### Description of the task
Each record that follows should be repeated exactly, minus any images.
[[ Excerpted data, beginning ]]
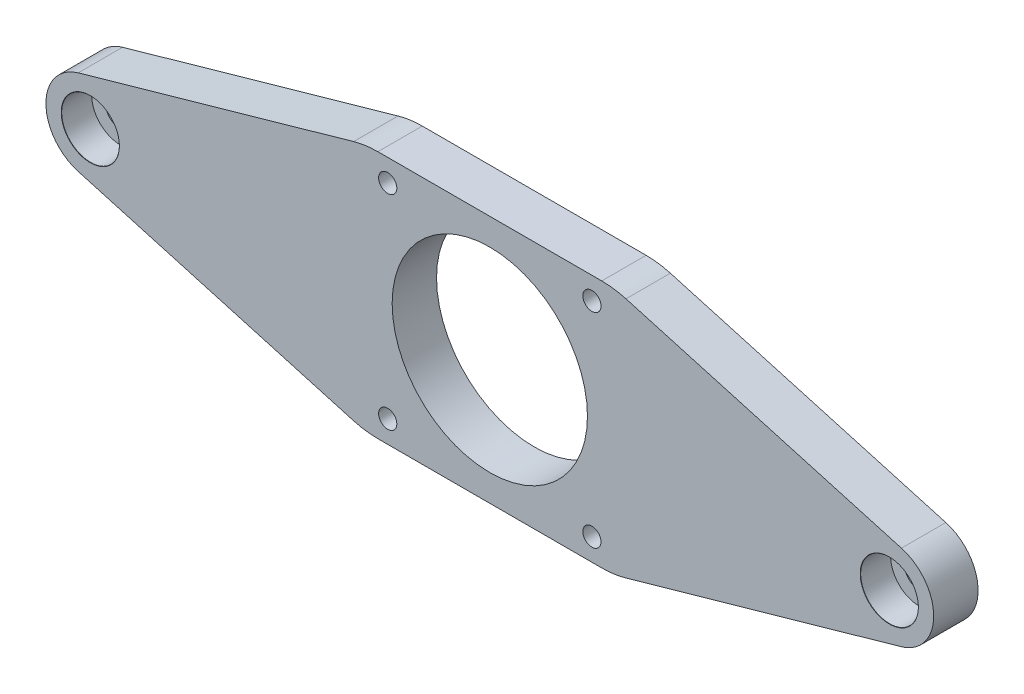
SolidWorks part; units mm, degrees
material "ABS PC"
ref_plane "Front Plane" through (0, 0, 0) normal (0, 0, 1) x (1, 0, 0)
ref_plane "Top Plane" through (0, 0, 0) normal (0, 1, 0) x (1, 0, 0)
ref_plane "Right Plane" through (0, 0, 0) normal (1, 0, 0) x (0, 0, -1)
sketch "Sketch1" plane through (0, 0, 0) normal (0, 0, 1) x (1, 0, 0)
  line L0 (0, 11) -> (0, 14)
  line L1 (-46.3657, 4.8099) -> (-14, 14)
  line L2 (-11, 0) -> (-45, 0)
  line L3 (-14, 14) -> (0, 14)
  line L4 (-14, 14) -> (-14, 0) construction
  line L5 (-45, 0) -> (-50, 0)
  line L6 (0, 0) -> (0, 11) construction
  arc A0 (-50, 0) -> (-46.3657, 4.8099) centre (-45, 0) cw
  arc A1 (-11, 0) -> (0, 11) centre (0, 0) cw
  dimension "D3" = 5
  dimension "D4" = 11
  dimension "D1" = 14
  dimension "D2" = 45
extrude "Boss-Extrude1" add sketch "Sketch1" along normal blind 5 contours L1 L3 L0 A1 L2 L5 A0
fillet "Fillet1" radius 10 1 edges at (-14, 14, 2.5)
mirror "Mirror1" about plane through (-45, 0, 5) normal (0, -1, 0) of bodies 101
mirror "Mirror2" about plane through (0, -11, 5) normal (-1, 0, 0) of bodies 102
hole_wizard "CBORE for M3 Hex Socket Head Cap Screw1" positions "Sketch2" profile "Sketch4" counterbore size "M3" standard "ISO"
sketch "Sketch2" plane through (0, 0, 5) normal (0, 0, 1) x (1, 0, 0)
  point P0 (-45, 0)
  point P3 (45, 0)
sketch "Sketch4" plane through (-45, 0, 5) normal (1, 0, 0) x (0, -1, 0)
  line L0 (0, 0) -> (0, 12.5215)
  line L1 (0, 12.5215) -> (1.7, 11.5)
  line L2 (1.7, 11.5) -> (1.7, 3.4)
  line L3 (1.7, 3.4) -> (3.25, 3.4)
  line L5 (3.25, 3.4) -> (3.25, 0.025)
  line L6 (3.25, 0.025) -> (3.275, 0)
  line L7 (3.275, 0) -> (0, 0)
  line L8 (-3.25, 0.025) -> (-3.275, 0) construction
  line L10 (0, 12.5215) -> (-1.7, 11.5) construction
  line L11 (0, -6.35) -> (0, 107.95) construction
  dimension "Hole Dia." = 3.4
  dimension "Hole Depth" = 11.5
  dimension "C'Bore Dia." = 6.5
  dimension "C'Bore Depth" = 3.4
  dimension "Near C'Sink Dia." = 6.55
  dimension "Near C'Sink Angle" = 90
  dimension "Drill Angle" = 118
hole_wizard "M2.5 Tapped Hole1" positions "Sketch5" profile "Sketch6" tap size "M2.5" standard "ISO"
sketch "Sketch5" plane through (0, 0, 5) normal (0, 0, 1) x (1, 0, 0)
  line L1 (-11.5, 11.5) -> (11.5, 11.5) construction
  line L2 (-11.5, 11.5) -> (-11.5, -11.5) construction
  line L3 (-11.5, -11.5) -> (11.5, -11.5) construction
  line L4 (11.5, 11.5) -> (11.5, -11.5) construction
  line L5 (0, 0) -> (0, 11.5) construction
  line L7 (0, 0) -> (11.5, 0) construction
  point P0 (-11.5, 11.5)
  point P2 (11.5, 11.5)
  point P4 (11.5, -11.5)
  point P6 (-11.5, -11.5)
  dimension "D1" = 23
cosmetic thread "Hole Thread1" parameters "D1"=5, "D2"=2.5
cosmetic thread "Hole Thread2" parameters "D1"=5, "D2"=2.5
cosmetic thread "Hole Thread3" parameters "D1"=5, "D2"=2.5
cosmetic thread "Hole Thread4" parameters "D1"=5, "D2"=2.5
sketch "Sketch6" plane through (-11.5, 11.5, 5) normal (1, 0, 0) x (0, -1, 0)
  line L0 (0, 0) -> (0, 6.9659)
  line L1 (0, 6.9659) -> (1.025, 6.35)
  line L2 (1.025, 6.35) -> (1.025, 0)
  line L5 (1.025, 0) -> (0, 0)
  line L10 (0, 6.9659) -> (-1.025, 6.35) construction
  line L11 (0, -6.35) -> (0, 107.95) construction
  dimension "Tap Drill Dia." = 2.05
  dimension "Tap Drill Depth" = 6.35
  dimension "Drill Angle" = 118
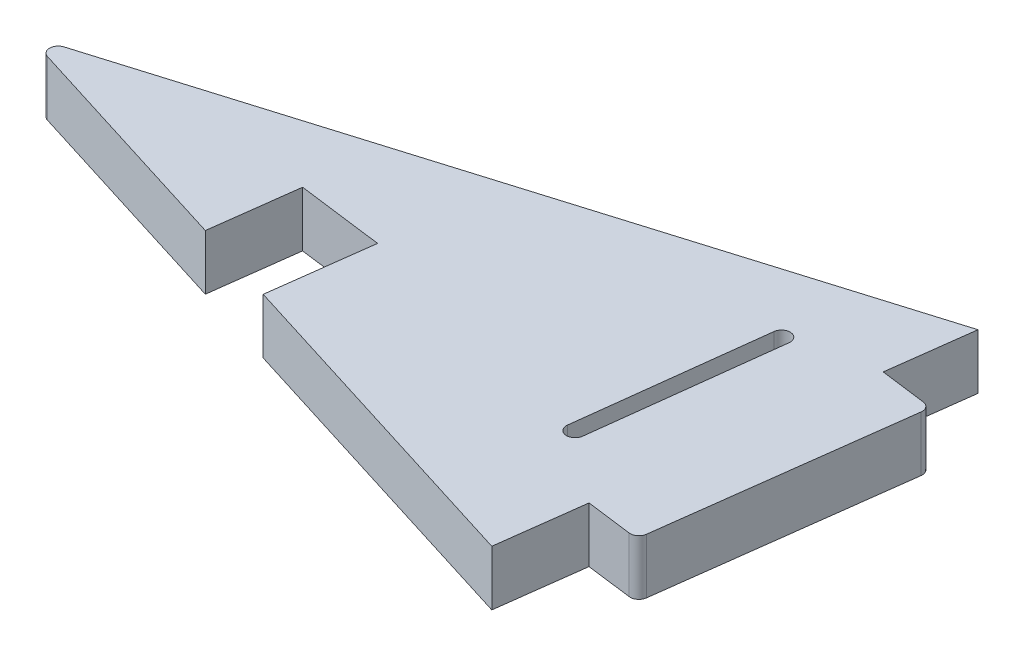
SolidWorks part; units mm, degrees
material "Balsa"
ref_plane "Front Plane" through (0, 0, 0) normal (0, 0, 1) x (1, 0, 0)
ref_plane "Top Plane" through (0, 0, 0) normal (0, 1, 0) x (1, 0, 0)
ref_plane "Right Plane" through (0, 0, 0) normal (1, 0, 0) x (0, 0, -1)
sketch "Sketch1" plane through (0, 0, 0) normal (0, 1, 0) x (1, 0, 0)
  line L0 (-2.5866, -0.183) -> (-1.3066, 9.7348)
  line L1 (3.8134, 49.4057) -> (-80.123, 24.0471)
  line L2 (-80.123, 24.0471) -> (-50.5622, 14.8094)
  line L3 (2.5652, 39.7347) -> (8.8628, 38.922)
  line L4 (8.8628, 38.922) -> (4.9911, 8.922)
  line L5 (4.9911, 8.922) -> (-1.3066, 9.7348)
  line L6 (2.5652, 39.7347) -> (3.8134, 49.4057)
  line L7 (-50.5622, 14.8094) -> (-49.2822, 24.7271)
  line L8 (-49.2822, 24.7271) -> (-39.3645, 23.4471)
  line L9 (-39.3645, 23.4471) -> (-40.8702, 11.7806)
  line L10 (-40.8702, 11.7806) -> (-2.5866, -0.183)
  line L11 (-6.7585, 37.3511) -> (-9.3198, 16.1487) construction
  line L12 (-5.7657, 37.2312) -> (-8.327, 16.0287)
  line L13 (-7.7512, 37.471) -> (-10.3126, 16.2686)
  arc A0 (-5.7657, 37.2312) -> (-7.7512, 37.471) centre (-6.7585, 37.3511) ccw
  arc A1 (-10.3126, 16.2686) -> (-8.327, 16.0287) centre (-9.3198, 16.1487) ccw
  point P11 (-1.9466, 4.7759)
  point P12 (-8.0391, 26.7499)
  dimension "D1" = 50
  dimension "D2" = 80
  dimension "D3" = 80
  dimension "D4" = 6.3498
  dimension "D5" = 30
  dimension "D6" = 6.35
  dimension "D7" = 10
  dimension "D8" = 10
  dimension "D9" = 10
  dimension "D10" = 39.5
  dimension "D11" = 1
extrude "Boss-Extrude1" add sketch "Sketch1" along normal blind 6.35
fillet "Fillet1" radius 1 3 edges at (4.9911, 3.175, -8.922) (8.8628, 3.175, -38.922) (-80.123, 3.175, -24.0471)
[[ Excerpted data, end ]]
### Exercise output
SolidWorks part; units mm, degrees
material "ABS PC"
ref_plane "Front Plane" through (0, 0, 0) normal (0, 0, 1) x (1, 0, 0)
ref_plane "Top Plane" through (0, 0, 0) normal (0, 1, 0) x (1, 0, 0)
ref_plane "Right Plane" through (0, 0, 0) normal (1, 0, 0) x (0, 0, -1)
sketch "Sketch1" plane through (0, 0, 0) normal (0, 0, 1) x (1, 0, 0)
  line L0 (0, 11) -> (0, 14)
  line L1 (-46.3657, 4.8099) -> (-14, 14)
  line L2 (-11, 0) -> (-45, 0)
  line L3 (-14, 14) -> (0, 14)
  line L4 (-14, 14) -> (-14, 0) construction
  line L5 (-45, 0) -> (-50, 0)
  line L6 (0, 0) -> (0, 11) construction
  arc A0 (-50, 0) -> (-46.3657, 4.8099) centre (-45, 0) cw
  arc A1 (-11, 0) -> (0, 11) centre (0, 0) cw
  dimension "D3" = 5
  dimension "D4" = 11
  dimension "D1" = 14
  dimension "D2" = 45
extrude "Boss-Extrude1" add sketch "Sketch1" along normal blind 5 contours L1 L3 L0 A1 L2 L5 A0
fillet "Fillet1" radius 10 1 edges at (-14, 14, 2.5)
mirror "Mirror1" about plane through (-45, 0, 5) normal (0, -1, 0) of bodies 101
mirror "Mirror2" about plane through (0, -11, 5) normal (-1, 0, 0) of bodies 102
hole_wizard "CBORE for M3 Hex Socket Head Cap Screw1" positions "Sketch2" profile "Sketch4" counterbore size "M3" standard "ISO"
sketch "Sketch2" plane through (0, 0, 5) normal (0, 0, 1) x (1, 0, 0)
  point P0 (-45, 0)
  point P3 (45, 0)
sketch "Sketch4" plane through (-45, 0, 5) normal (1, 0, 0) x (0, -1, 0)
  line L0 (0, 0) -> (0, 12.5215)
  line L1 (0, 12.5215) -> (1.7, 11.5)
  line L2 (1.7, 11.5) -> (1.7, 3.4)
  line L3 (1.7, 3.4) -> (3.25, 3.4)
  line L5 (3.25, 3.4) -> (3.25, 0.025)
  line L6 (3.25, 0.025) -> (3.275, 0)
  line L7 (3.275, 0) -> (0, 0)
  line L8 (-3.25, 0.025) -> (-3.275, 0) construction
  line L10 (0, 12.5215) -> (-1.7, 11.5) construction
  line L11 (0, -6.35) -> (0, 107.95) construction
  dimension "Hole Dia." = 3.4
  dimension "Hole Depth" = 11.5
  dimension "C'Bore Dia." = 6.5
  dimension "C'Bore Depth" = 3.4
  dimension "Near C'Sink Dia." = 6.55
  dimension "Near C'Sink Angle" = 90
  dimension "Drill Angle" = 118
hole_wizard "M2.5 Tapped Hole1" positions "Sketch5" profile "Sketch6" tap size "M2.5" standard "ISO"
sketch "Sketch5" plane through (0, 0, 5) normal (0, 0, 1) x (1, 0, 0)
  line L1 (-11.5, 11.5) -> (11.5, 11.5) construction
  line L2 (-11.5, 11.5) -> (-11.5, -11.5) construction
  line L3 (-11.5, -11.5) -> (11.5, -11.5) construction
  line L4 (11.5, 11.5) -> (11.5, -11.5) construction
  line L5 (0, 0) -> (0, 11.5) construction
  line L7 (0, 0) -> (11.5, 0) construction
  point P0 (-11.5, 11.5)
  point P2 (11.5, 11.5)
  point P4 (11.5, -11.5)
  point P6 (-11.5, -11.5)
  dimension "D1" = 23
cosmetic thread "Hole Thread1" parameters "D1"=5, "D2"=2.5
cosmetic thread "Hole Thread2" parameters "D1"=5, "D2"=2.5
cosmetic thread "Hole Thread3" parameters "D1"=5, "D2"=2.5
cosmetic thread "Hole Thread4" parameters "D1"=5, "D2"=2.5
sketch "Sketch6" plane through (-11.5, 11.5, 5) normal (1, 0, 0) x (0, -1, 0)
  line L0 (0, 0) -> (0, 6.9659)
  line L1 (0, 6.9659) -> (1.025, 6.35)
  line L2 (1.025, 6.35) -> (1.025, 0)
  line L5 (1.025, 0) -> (0, 0)
  line L10 (0, 6.9659) -> (-1.025, 6.35) construction
  line L11 (0, -6.35) -> (0, 107.95) construction
  dimension "Tap Drill Dia." = 2.05
  dimension "Tap Drill Depth" = 6.35
  dimension "Drill Angle" = 118
SolidWorks part; units mm, degrees
material "Balsa"
ref_plane "Front Plane" through (0, 0, 0) normal (0, 0, 1) x (1, 0, 0)
ref_plane "Top Plane" through (0, 0, 0) normal (0, 1, 0) x (1, 0, 0)
ref_plane "Right Plane" through (0, 0, 0) normal (1, 0, 0) x (0, 0, -1)
sketch "Sketch1" plane through (0, 0, 0) normal (0, 1, 0) x (1, 0, 0)
  line L0 (-2.5866, -0.183) -> (-1.3066, 9.7348)
  line L1 (3.8134, 49.4057) -> (-80.123, 24.0471)
  line L2 (-80.123, 24.0471) -> (-50.5622, 14.8094)
  line L3 (2.5652, 39.7347) -> (8.8628, 38.922)
  line L4 (8.8628, 38.922) -> (4.9911, 8.922)
  line L5 (4.9911, 8.922) -> (-1.3066, 9.7348)
  line L6 (2.5652, 39.7347) -> (3.8134, 49.4057)
  line L7 (-50.5622, 14.8094) -> (-49.2822, 24.7271)
  line L8 (-49.2822, 24.7271) -> (-39.3645, 23.4471)
  line L9 (-39.3645, 23.4471) -> (-40.8702, 11.7806)
  line L10 (-40.8702, 11.7806) -> (-2.5866, -0.183)
  line L11 (-6.7585, 37.3511) -> (-9.3198, 16.1487) construction
  line L12 (-5.7657, 37.2312) -> (-8.327, 16.0287)
  line L13 (-7.7512, 37.471) -> (-10.3126, 16.2686)
  arc A0 (-5.7657, 37.2312) -> (-7.7512, 37.471) centre (-6.7585, 37.3511) ccw
  arc A1 (-10.3126, 16.2686) -> (-8.327, 16.0287) centre (-9.3198, 16.1487) ccw
  point P11 (-1.9466, 4.7759)
  point P12 (-8.0391, 26.7499)
  dimension "D1" = 50
  dimension "D2" = 80
  dimension "D3" = 80
  dimension "D4" = 6.3498
  dimension "D5" = 30
  dimension "D6" = 6.35
  dimension "D7" = 10
  dimension "D8" = 10
  dimension "D9" = 10
  dimension "D10" = 39.5
  dimension "D11" = 1
extrude "Boss-Extrude1" add sketch "Sketch1" along normal blind 6.35
fillet "Fillet1" radius 1 3 edges at (4.9911, 3.175, -8.922) (8.8628, 3.175, -38.922) (-80.123, 3.175, -24.0471)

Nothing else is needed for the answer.